■ **WHAT THE TASK REQUIRES**: Please write out exactly the lines of the data below from the line holding "- net WIN_IN2: now" through the line holding "- net CANL renamed CAN_N", and leave out the rest.

RECORDED INFORMATION START

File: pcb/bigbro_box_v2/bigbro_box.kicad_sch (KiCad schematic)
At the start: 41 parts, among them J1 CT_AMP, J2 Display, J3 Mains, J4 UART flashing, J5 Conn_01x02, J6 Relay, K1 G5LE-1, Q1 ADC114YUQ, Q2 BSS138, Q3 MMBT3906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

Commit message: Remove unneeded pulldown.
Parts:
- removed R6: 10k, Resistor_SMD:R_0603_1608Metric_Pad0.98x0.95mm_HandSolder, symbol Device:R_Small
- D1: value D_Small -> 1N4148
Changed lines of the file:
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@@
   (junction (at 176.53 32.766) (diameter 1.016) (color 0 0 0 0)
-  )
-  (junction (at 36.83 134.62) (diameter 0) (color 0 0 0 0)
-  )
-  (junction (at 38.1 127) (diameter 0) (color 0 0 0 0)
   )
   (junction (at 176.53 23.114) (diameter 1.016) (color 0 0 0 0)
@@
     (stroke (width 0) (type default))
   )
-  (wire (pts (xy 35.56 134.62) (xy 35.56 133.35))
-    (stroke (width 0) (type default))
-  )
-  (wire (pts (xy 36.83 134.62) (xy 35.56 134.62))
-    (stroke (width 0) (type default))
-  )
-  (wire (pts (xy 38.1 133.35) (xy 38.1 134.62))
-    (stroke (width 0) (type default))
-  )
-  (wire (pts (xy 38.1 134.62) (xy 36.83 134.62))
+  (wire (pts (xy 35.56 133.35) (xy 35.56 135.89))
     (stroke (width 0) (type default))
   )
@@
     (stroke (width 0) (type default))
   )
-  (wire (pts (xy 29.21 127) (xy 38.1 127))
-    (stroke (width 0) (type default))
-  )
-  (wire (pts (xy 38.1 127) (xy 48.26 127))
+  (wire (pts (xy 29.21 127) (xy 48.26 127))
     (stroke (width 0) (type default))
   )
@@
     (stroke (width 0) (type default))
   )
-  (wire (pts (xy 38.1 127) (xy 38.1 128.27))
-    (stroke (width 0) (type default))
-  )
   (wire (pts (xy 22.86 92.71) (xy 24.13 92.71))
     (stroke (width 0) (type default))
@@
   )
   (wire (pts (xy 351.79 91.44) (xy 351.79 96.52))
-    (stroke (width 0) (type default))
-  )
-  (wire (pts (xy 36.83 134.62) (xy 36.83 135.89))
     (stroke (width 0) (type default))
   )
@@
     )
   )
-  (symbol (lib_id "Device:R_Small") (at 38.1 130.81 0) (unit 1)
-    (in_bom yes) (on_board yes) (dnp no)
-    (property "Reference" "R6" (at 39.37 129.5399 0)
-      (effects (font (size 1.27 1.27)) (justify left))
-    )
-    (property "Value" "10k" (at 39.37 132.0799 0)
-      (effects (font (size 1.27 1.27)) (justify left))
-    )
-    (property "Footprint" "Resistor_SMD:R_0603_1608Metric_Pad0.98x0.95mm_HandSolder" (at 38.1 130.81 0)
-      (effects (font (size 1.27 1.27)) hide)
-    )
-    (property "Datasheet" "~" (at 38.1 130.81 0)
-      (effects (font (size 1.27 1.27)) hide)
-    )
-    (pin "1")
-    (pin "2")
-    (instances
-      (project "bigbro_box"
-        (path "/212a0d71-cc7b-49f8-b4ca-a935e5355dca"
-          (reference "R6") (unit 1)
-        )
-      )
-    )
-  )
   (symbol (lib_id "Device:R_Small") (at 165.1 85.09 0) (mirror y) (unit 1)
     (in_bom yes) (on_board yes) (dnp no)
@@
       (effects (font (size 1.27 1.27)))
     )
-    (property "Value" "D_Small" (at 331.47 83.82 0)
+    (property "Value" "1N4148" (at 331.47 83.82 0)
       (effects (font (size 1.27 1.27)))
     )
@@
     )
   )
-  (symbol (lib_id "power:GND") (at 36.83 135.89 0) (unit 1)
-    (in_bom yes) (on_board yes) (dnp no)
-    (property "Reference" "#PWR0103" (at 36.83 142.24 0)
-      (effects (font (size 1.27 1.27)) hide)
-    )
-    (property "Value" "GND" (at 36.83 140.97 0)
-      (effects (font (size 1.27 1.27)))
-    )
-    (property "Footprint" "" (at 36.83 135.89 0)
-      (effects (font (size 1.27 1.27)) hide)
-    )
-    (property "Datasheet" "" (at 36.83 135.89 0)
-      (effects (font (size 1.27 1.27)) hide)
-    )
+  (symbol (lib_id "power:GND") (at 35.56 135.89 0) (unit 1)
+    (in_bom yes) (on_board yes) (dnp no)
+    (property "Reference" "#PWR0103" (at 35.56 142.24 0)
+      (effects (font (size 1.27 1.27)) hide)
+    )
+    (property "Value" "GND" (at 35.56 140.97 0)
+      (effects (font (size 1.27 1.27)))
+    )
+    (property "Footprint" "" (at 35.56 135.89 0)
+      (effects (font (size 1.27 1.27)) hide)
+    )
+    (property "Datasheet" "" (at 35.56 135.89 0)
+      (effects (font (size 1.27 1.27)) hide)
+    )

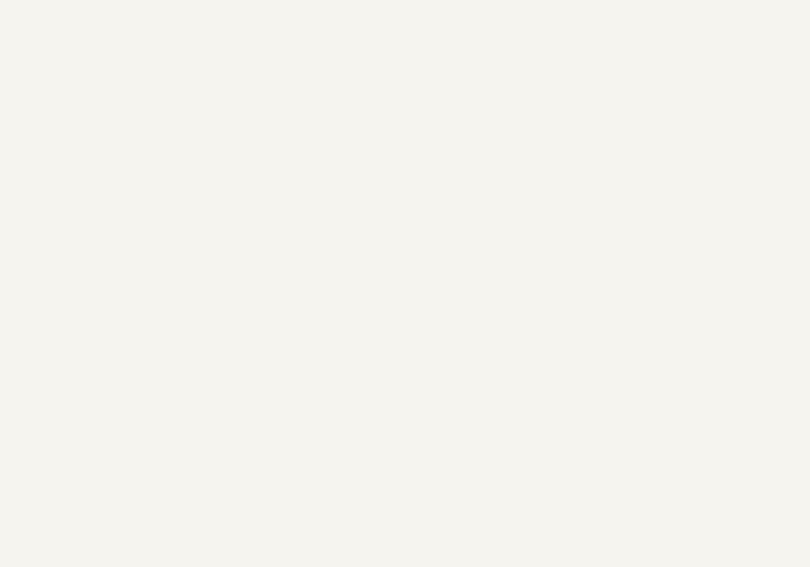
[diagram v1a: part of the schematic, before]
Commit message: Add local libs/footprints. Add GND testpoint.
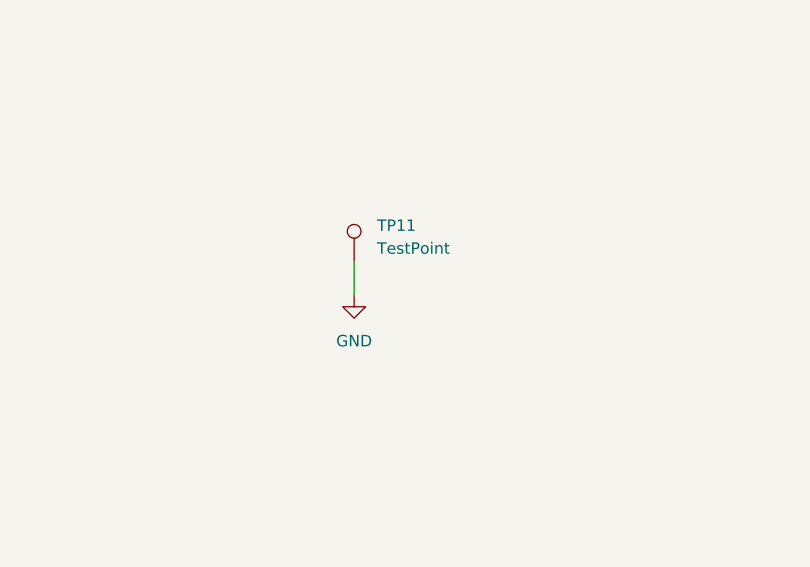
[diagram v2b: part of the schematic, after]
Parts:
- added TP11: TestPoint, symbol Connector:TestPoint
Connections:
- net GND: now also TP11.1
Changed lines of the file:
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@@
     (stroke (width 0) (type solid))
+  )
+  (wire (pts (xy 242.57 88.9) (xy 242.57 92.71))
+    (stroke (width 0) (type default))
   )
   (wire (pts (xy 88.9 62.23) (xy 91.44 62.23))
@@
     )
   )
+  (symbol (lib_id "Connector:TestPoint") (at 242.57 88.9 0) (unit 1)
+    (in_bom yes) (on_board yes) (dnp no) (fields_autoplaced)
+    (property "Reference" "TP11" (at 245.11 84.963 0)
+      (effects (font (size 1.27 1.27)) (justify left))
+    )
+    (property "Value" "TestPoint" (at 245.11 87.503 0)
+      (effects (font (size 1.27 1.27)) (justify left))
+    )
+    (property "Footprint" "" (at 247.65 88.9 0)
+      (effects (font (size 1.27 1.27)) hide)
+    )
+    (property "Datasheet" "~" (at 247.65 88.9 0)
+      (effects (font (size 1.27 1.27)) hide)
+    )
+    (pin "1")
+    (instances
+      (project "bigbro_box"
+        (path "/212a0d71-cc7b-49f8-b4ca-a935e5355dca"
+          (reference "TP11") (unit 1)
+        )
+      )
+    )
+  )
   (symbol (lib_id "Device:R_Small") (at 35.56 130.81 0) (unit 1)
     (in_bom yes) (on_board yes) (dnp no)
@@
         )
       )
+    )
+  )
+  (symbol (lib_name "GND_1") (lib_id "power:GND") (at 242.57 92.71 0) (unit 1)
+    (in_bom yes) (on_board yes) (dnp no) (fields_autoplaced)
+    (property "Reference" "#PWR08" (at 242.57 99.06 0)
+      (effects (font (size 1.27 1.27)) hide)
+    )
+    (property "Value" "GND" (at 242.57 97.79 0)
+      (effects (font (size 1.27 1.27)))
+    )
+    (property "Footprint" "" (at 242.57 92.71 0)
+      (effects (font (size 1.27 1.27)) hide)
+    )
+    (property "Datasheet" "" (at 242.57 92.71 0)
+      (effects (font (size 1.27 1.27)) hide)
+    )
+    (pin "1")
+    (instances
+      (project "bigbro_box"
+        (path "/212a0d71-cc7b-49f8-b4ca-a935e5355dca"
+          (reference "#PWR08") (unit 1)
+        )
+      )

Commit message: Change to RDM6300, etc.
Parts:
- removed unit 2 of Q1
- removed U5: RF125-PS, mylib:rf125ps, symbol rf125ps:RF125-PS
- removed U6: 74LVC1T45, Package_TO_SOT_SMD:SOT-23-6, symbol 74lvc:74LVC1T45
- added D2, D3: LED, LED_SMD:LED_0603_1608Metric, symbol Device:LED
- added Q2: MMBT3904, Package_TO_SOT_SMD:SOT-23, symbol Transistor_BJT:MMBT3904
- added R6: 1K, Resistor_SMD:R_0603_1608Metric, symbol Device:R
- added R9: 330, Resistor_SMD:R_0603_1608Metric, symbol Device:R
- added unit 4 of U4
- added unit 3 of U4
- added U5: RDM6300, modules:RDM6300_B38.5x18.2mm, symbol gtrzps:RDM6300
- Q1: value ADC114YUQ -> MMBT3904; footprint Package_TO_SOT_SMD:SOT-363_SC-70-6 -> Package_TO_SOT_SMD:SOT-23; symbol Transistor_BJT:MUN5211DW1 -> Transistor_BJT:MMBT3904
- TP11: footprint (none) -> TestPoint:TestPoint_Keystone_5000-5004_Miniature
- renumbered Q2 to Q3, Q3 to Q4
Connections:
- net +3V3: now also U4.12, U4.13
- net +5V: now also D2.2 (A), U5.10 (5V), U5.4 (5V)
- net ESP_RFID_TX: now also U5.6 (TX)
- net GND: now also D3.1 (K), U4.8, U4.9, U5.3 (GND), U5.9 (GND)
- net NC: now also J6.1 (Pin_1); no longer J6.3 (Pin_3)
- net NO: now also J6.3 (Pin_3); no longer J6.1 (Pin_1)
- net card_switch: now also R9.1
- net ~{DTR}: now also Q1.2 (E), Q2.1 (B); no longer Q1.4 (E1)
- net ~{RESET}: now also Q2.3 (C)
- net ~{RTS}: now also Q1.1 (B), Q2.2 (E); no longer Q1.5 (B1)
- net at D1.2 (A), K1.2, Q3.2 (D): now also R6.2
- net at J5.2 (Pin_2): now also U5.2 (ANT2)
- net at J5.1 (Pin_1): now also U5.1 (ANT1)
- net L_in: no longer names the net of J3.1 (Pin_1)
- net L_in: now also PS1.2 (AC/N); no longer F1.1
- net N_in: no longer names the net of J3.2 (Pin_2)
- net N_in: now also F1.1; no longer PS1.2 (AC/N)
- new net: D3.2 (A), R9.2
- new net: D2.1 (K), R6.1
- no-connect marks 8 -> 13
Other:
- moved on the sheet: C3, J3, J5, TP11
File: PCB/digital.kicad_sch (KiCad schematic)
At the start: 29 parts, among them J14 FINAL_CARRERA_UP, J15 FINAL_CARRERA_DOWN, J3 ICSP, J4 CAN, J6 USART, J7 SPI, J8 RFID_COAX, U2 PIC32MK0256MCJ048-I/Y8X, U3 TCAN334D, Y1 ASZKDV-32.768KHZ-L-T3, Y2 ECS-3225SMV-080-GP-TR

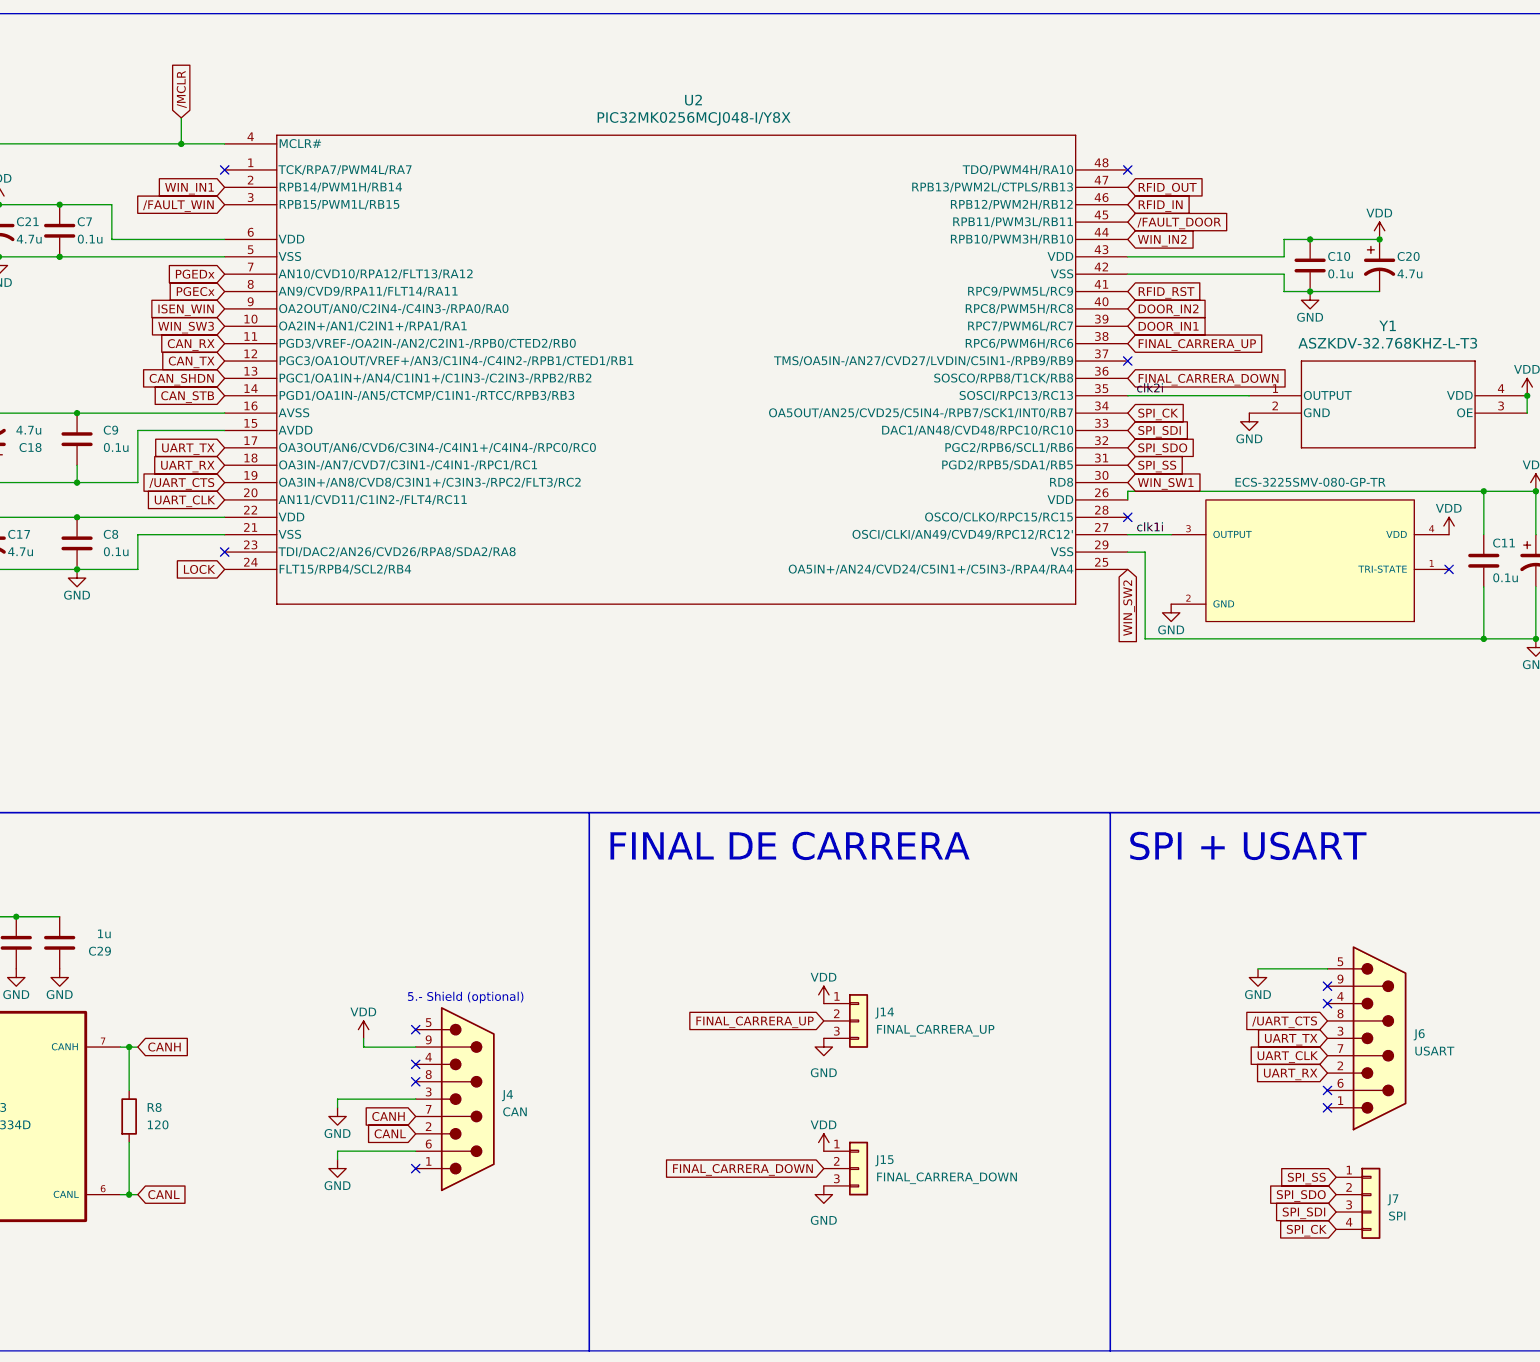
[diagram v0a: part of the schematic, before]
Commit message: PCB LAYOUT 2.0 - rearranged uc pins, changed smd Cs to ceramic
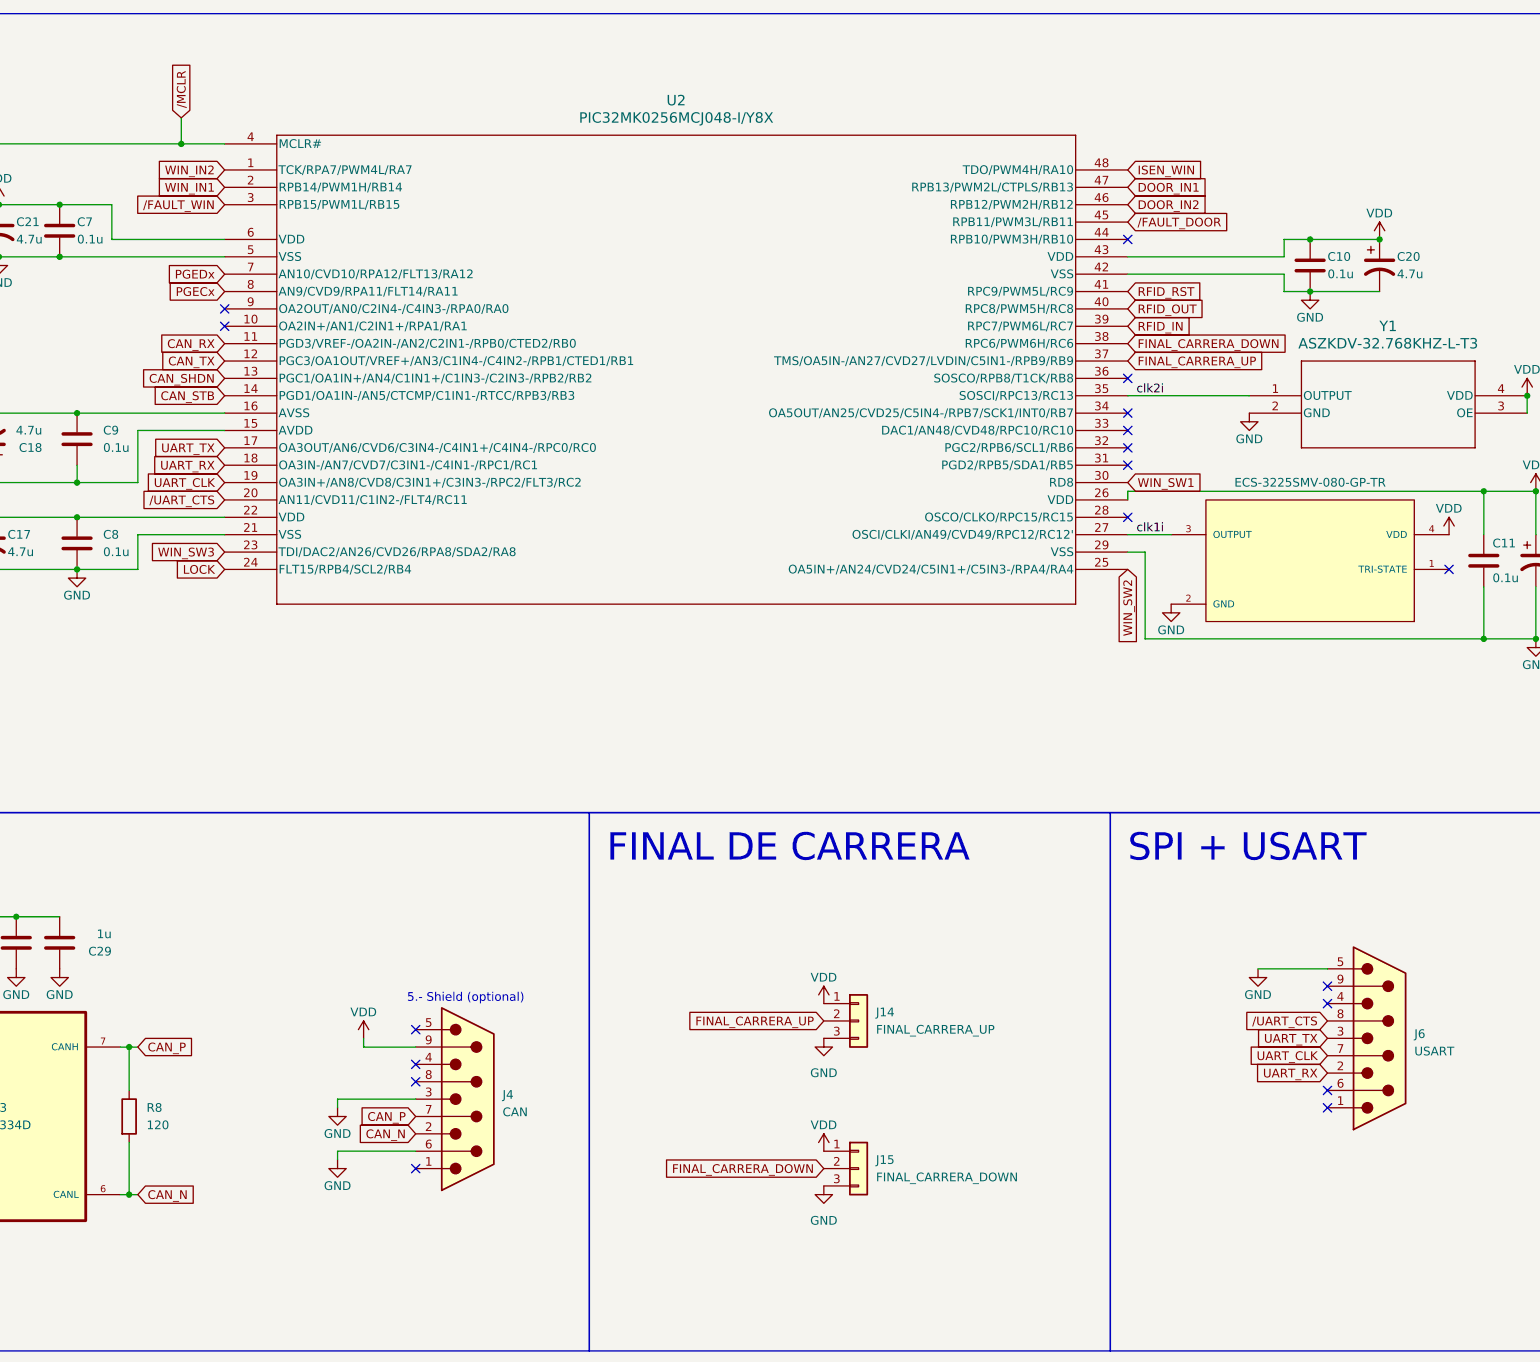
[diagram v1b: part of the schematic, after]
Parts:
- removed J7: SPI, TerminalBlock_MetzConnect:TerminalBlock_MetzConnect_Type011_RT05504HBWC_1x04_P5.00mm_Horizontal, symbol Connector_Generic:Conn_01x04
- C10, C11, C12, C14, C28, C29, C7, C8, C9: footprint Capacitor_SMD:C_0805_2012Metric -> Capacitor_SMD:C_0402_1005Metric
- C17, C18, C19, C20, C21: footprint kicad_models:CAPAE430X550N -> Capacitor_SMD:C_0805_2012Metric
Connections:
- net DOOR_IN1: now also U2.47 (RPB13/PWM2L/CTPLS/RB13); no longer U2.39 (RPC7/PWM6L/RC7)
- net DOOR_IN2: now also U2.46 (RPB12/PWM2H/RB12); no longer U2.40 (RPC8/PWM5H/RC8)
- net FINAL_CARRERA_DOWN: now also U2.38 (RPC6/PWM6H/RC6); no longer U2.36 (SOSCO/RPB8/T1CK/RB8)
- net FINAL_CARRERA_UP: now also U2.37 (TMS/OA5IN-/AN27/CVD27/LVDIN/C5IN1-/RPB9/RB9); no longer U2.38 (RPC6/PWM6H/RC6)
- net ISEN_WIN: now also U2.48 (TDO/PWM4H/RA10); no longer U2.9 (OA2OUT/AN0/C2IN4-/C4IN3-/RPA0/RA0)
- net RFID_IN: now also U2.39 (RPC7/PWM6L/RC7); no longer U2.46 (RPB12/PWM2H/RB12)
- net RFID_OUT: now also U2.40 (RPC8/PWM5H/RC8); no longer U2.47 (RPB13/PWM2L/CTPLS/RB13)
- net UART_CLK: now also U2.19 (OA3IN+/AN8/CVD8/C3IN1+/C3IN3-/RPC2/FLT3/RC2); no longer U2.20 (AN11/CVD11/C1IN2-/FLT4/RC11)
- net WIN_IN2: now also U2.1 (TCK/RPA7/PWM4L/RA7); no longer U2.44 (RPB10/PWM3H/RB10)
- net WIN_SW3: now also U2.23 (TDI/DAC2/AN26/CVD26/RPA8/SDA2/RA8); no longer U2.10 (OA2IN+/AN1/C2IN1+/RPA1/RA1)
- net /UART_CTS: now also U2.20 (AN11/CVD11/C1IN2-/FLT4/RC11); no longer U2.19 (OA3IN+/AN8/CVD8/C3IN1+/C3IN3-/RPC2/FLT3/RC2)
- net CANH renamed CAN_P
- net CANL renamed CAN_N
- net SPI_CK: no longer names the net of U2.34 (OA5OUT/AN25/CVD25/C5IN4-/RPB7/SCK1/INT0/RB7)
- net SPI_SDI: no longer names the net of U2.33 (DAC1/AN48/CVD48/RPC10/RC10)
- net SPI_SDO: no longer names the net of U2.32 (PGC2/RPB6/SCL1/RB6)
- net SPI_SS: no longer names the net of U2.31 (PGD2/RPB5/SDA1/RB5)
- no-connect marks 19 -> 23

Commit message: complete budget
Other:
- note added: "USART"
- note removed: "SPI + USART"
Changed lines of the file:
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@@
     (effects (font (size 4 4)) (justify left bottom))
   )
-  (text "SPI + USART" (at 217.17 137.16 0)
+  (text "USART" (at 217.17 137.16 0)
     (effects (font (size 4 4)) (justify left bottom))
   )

RECORDED INFORMATION END

■ **THE COMPLETED TASK**:
- net WIN_IN2: now also U2.1 (TCK/RPA7/PWM4L/RA7); no longer U2.44 (RPB10/PWM3H/RB10)
- net WIN_SW3: now also U2.23 (TDI/DAC2/AN26/CVD26/RPA8/SDA2/RA8); no longer U2.10 (OA2IN+/AN1/C2IN1+/RPA1/RA1)
- net /UART_CTS: now also U2.20 (AN11/CVD11/C1IN2-/FLT4/RC11); no longer U2.19 (OA3IN+/AN8/CVD8/C3IN1+/C3IN3-/RPC2/FLT3/RC2)
- net CANH renamed CAN_P
- net CANL renamed CAN_N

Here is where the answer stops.